Crossbeam finds overlaps in the data sets of disparate companies, which leads to an obvious problem: How do we decide when two records are a match? That's where our matching algorithm comes in.
The guiding force behind Crossbeam's matching algorithm is the concept of confidence. Because a match often results in data being shared, Crossbeam requires an extremely high level of confidence in order to consider two records as a "match."
In other words, false positives (when two unrelated records are incorrectly declared a match) are far worse than false negatives (when two matching records are incorrectly declared a non-match), and our algorithm is weighted as such.
Customers can not customize or modify the Crossbeam matching algorithm.
We compare multiple properties on any given record to develop a confidence score, but we place an extremely strong emphasis on properties that are unique to a given person or company. Let's explore a few data points that are important to matches.
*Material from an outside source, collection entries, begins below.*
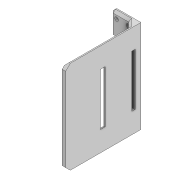
# Autodesk Inventor part: patas
Saved by Autodesk Inventor 2022 (Build 260153000, 153)
## iProperties
Created: 2022-11-19
Part Number: patas
Material: Genérico
Document SubType Name: Modeling
Designer: Jorge
Density: 1 g/cm^3
Appearance: Valor por defecto
Author: Jorge
Autodesk Inventor part; units mm, degrees
ref_plane "YZ Plane" through (0, 0, 0) normal (1, 0, 0) x (0, 1, 0)
ref_plane "XZ Plane" through (0, 0, 0) normal (0, 1, 0) x (-1, 0, 0)
ref_plane "XY Plane" through (0, 0, 0) normal (0, 0, 1) x (1, 0, 0)
sketch "Boceto1" plane through (0, 0, 0) normal (0, 0, 1) x (1, 0, 0)
  line L0 (0, 0) -> (20, 0)
  line L1 (20, 0) -> (20, 80)
  line L2 (20, 80) -> (0, 80)
  line L3 (0, 80) -> (0, 0)
  dimension "d0" = 20
  dimension "d1" = 80
  constraints: 8 end point, 2 parallel, 1 horizontal, 1 perpendicular
  measures "d0" distance of L2.end L1.end
  measures "d1" distance of L1.end L0.end
extrude "Extrusión1" add sketch "Boceto1" along normal blind 3
sketch "Boceto2" plane through (0, 0, 3) normal (0, 0, 1) x (1, 0, 0)
  line L0 (20, 0) -> (20, 80) construction
  line L1 (20, 80) -> (0, 80) construction
  line L2 (0, 80) -> (0, 0) construction
  line L3 (0, 0) -> (20, 0) construction
  line L4 (0, 80) -> (0, 0) construction
  line L5 (0, 75) -> (20, 75) construction
  line L6 (20, 0) -> (20, 80) construction
  line L7 (20, 80) -> (0, 80) construction
  line L8 (15, 80) -> (15, 0) construction
  line L9 (0, 0) -> (20, 0) construction
  line L10 (0, 5) -> (20, 5) construction
  circle A0 centre (15, 5) radius 1.6
  circle A1 centre (15, 75) radius 1.6
  line L11 (0, 65) -> (20, 65) construction
  line L12 (0, 15) -> (20, 15) construction
  line L13 (5, 80) -> (5, 0) construction
  circle A2 centre (15, 65) radius 1.6
  circle A3 centre (5, 75) radius 1.6
  circle A4 centre (5, 5) radius 1.6
  circle A5 centre (15, 15) radius 1.6
  line L14 (10, 80) -> (10, 0) construction
  line L15 (0, 40) -> (20, 40) construction
  dimension "d4" = 3.2
  dimension "d7" = 3.2
  dimension "d9" = 3.2
  dimension "d10" = 3.2
  dimension "d11" = 3.2
  dimension "d12" = 3.2
  dimension "d13" = 10
  dimension "d14" = 10
  dimension "d15" = 10
  dimension "d16" = 5
  dimension "d17" = 70
  dimension "d18" = 35
  constraints: 24 point on line, 16 end point, 6 centre point, 6 perpendicular, 4 midpoint
  measures "d4" diameter of A0
  measures "d7" diameter of A1
  measures "d9" diameter of A2
  measures "d10" diameter of A3
  measures "d11" diameter of A4
  measures "d12" diameter of A5
  measures "d13" distance between parallel lines of L8 L13
  measures "d14" distance between parallel lines of L11 L5
  measures "d15" distance between parallel lines of L10 L12
  measures "d16" distance between parallel lines of L14 L13
  measures "d17" distance between parallel lines of L10 L5
  measures "d18" distance between parallel lines of L15 L5
extrude "Extrusión2" cut sketch "Boceto2" against normal through all
sketch "Boceto3" plane through (0, 0, 3) normal (0, 0, 1) x (1, 0, 0)
  circle A0 centre (5, 75) radius 1.6 projected
  circle A1 centre (15, 5) radius 1.6 projected
  circle A2 centre (15, 65) radius 1.6 projected
  circle A3 centre (15, 75) radius 1.6 projected
  circle A4 centre (5, 5) radius 1.6 projected
  circle A5 centre (15, 15) radius 1.6 projected
  line L0 (20, 0) -> (20, 80) projected
  line L1 (20, 80) -> (0, 80) projected
  line L2 (0, 80) -> (0, 0) projected
  line L3 (0, 0) -> (20, 0) projected
  line L4 (0, 80) -> (0, 0) projected
  line L5 (0, 60) -> (7.8934, 60)
  line L6 (7.8934, 60) -> (15, 55)
  line L7 (15, 25) -> (11.4821, 20)
  line L8 (11.4821, 20) -> (0, 20)
  line L9 (15, 55) -> (15, 25)
  line L10 (0, 40) -> (20, 40) construction
  line L11 (20, 0) -> (20, 80) construction
  line L12 (0, 60) -> (0, 20)
  dimension "d21" = 20
  dimension "d22" = 20
  dimension "d23" = 30
  dimension "d24" = 15
  dimension "d26" = 5
  constraints: 14 end point, 3 perpendicular, 2 midpoint, 2 point on line, 1 horizontal, 1 vertical
  measures "d21" distance between parallel lines of L1 L5
  measures "d22" distance between parallel lines of L3 L8
  measures "d23" distance of L6.end L7.start
  measures "d24" distance from line of L10 L6.end
  measures "d26" distance between parallel lines of L9 L0
extrude "Extrusión3" cut sketch "Boceto3" against normal through all contours L2 L5 L6 L9 L7 L8
sketch "Boceto5" plane through (0, 0, 0) normal (0, 0, -1) x (-1, 0, 0)
  line L0 (0, 20) -> (-11.4821, 20) construction
  line L1 (-11.4821, 20) -> (-15, 25) construction
  line L2 (-15, 25) -> (-15, 55) construction
  line L3 (-15, 55) -> (-7.8934, 60) construction
  line L4 (-7.8934, 60) -> (0, 60) construction
  line L5 (0, 80) -> (0, 60) construction
  line L6 (-20, 80) -> (0, 80) construction
  line L7 (-20, 0) -> (-20, 80) construction
  line L8 (0, 0) -> (-20, 0) construction
  line L9 (0, 20) -> (0, 0) construction
  circle A0 centre (-15, 15) radius 1.6 construction
  circle A1 centre (-5, 5) radius 1.6 construction
  circle A2 centre (-15, 75) radius 1.6 construction
  circle A3 centre (-15, 65) radius 1.6 construction
  circle A4 centre (-15, 5) radius 1.6 construction
  circle A5 centre (-5, 75) radius 1.6 construction
  line L10 (-20, 80) -> (-23, 80)
  line L11 (-23, 80) -> (-23, 0)
  line L12 (-23, 0) -> (-20, 0)
  line L13 (-20, 0) -> (-20, 80)
  dimension "d29" = 3
  constraints: 8 end point, 2 parallel, 1 horizontal, 1 perpendicular
  measures "d29" distance of L12.end L11.end
extrude "Extrusión4" add sketch "Boceto5" against normal blind 35
sketch "Boceto6" plane through (20, 0, 3) normal (-1, 0, 0) x (0, 0, 1)
  line L0 (0, 0) -> (0, 80) construction
  line L1 (0, 0) -> (32, 0) construction
  line L2 (32, 80) -> (32, 0) construction
  line L3 (0, 80) -> (32, 80) construction
  line L4 (0, 80) -> (32, 80) construction
  line L5 (2, 80) -> (2, 0) construction
  line L6 (0, 0) -> (32, 0) construction
  line L7 (2, 62.5) -> (5, 62.5)
  line L8 (5, 62.5) -> (5, 17.5)
  line L9 (5, 17.5) -> (2, 17.5)
  line L10 (2, 17.5) -> (2, 62.5)
  line L11 (0, 55) -> (0, 25) construction
  line L12 (0, 40) -> (32, 40) construction
  line L13 (32, 80) -> (32, 0) construction
  line L14 (29.5, 80) -> (29.5, 0) construction
  line L15 (3.5, 62.5) -> (3.5, 80) construction
  line L16 (28, 62.5) -> (31, 62.5)
  line L17 (31, 62.5) -> (31, 17.5)
  line L18 (31, 17.5) -> (28, 17.5)
  line L19 (28, 17.5) -> (28, 62.5)
  line L20 (31, 62.5) -> (32, 62.5)
  line L21 (32, 62.5) -> (32, 17.5)
  line L22 (32, 17.5) -> (31, 17.5)
  line L23 (31, 17.5) -> (31, 62.5)
  point P0 (-3, 0)
  point P1 (31, 17.5)
  dimension "d32" = 2
  dimension "d33" = 3
  dimension "d34" = 45
  dimension "d35" = 22.5
  dimension "d37" = 26
  dimension "d38" = 3
  dimension "d39" = 1.5
  constraints: 32 end point, 7 point on line, 6 parallel, 6 perpendicular, 3 horizontal, 3 midpoint
  measures "d32" distance between parallel lines of L0 L5
  measures "d33" distance of L8.end L9.end
  measures "d34" distance of L7.end L8.end
  measures "d35" distance between parallel lines of L12 L7
  measures "d37" distance between parallel lines of L15 L14
  measures "d38" distance of L17.end L18.end
  measures "d39" distance between parallel lines of L14 L19
extrude "Extrusión5" cut sketch "Boceto6" against normal through all
chamfer "Chaflán1" distance 4.9 angle 45 1 edges at (20, 40, 3)
sketch "Boceto7" plane through (0, 0, 3) normal (0, 0, 1) x (1, 0, 0)
  arc A0 (15.1, 16.5969) -> (15.1, 13.4031) centre (15, 15) ccw construction
  arc A1 (15.1, 6.5969) -> (15.1, 3.4031) centre (15, 5) ccw construction
  arc A2 (15.1, 66.5969) -> (15.1, 63.4031) centre (15, 65) ccw construction
  arc A3 (15.1, 76.5969) -> (15.1, 73.4031) centre (15, 75) ccw construction
  circle A4 centre (15, 75) radius 3.5
  circle A5 centre (15, 65) radius 1.6 projected
  circle A6 centre (15, 65) radius 3.5
  circle A7 centre (15, 15) radius 3.5
  circle A8 centre (15, 5) radius 1.6 projected
  circle A9 centre (15, 5) radius 3.5
  point P0 (0, 0)
  dimension "d45" = 7
  dimension "d46" = 7
  dimension "d47" = 7
  dimension "d48" = 7
  constraints: 4 centre point, 4 coincident
  measures "d45" diameter of A4
  measures "d46" diameter of A6
  measures "d47" diameter of A7
  measures "d48" diameter of A9
extrude "Extrusión6" cut sketch "Boceto7" along normal blind 10 contours A4 | A5 | A6 | A7 | A8 | A9
sketch "Boceto8" plane through (20, 17.5, 8) normal (-1, 0, 0) x (0, 0, 1)
  line L0 (27, 62.5) -> (27, 45) projected
  line L1 (27, 62.5) -> (57, 62.5)
  line L2 (57, 62.5) -> (57, -17.5)
  line L3 (57, -17.5) -> (27, -17.5)
  line L4 (27, -17.5) -> (27, 62.5)
  point P0 (-8, -17.5)
  dimension "d57" = 30
  constraints: 8 end point, 2 parallel, 1 horizontal, 1 perpendicular
  measures "d57" distance of L2.end L3.end
extrude "Extrusión7" add sketch "Boceto8" against normal blind 3
chamfer "Chaflán4" distance 4 angle 45 2 edges at (21.5, 0, 65) (21.5, 80, 65)
chamfer "Chaflán5" distance 2 angle 45 22 edges at (7.55, 80, 3) (0, 70, 3) (0, 80, 1.5) (0, 60, 1.5) (3.9467, 60, 3) (11.4467, 57.5, 3) (13.2411, 22.5, 3) (5.7411, 20, 3) (0, 10, 3) (7.55, 0, 3) (0, 20, 1.5) (0, 0, 1.5) (17.55, 80, 5.45) (17.55, 0, 5.45) (20, 0, 34.45) (20, 80, 34.45) (20, 40, 35) (20, 40, 31) (20, 62.5, 33) (20, 17.5, 33) (20, 40, 8) (17.1, 40, 5)
equation "\"d16\" = 0.5 * d13"
equation "\"d18\" = 0.5 * d17"
equation "\"d24\" = 0.5 * d23"
equation "\"d35\" = 0.5 * d34"
equation "\"d39\" = 0.5 * d38"

Domain names are a source of high-confidence company matches, as no two companies can have the same domain. We run domain names through a standardization process to ensure that inconsistencies in formatting don't create false positives. We also maintain a growing awareness of cases where multiple domains are owned by the same company so that indirect matches can be made. Things to note about domain names:
- Crossbeam will strip out anything after the top level domain (TLD), i.e. google.com will match google.com/en
- Subdomains are not stripped out, and will not match the main domain alone, i.e. flights.google.com will not match google.com
- Capitalization and slashes do not matter, i.e. GoOgle.com will match google.com
- TLD differences (.com vs .net) will be treated as separate accounts, i.e. google.com will not match google.net
Email addresses are a source of high confidence person matches, as no two people can have the same email address. These addresses are run through a similar cleansing and standardization process as domains. Emails also have a bonus benefit of helping with company match resolution, as we can often determine that companies match based on them having matching people. When certain quality conditions are met, we can also us the domain name of contacts as a matching property for companies.
DUNS Numbers are a source of high confidence company matches, as these are unique to companies. While DUNS data is not always present on both sides of a data comparison, they can lead to highly accurate matching when present.
Real-World ("Meatspace") Names
Real-World ("Meatspace") Names (or, worse yet, ones that are similar) alone are a bad source of matches. Without a secondary characteristic to validate the match, a simple name-based comparison typically does not provide the confidence we need to make a match determination.
Our matching algorithm gets smarter every month, as the amount of training data and special situations we see increases. As such, you may see occasional minor shifts in the match rates between data sets. This is normal and is always associated with an increase in the quality of the matching methodology.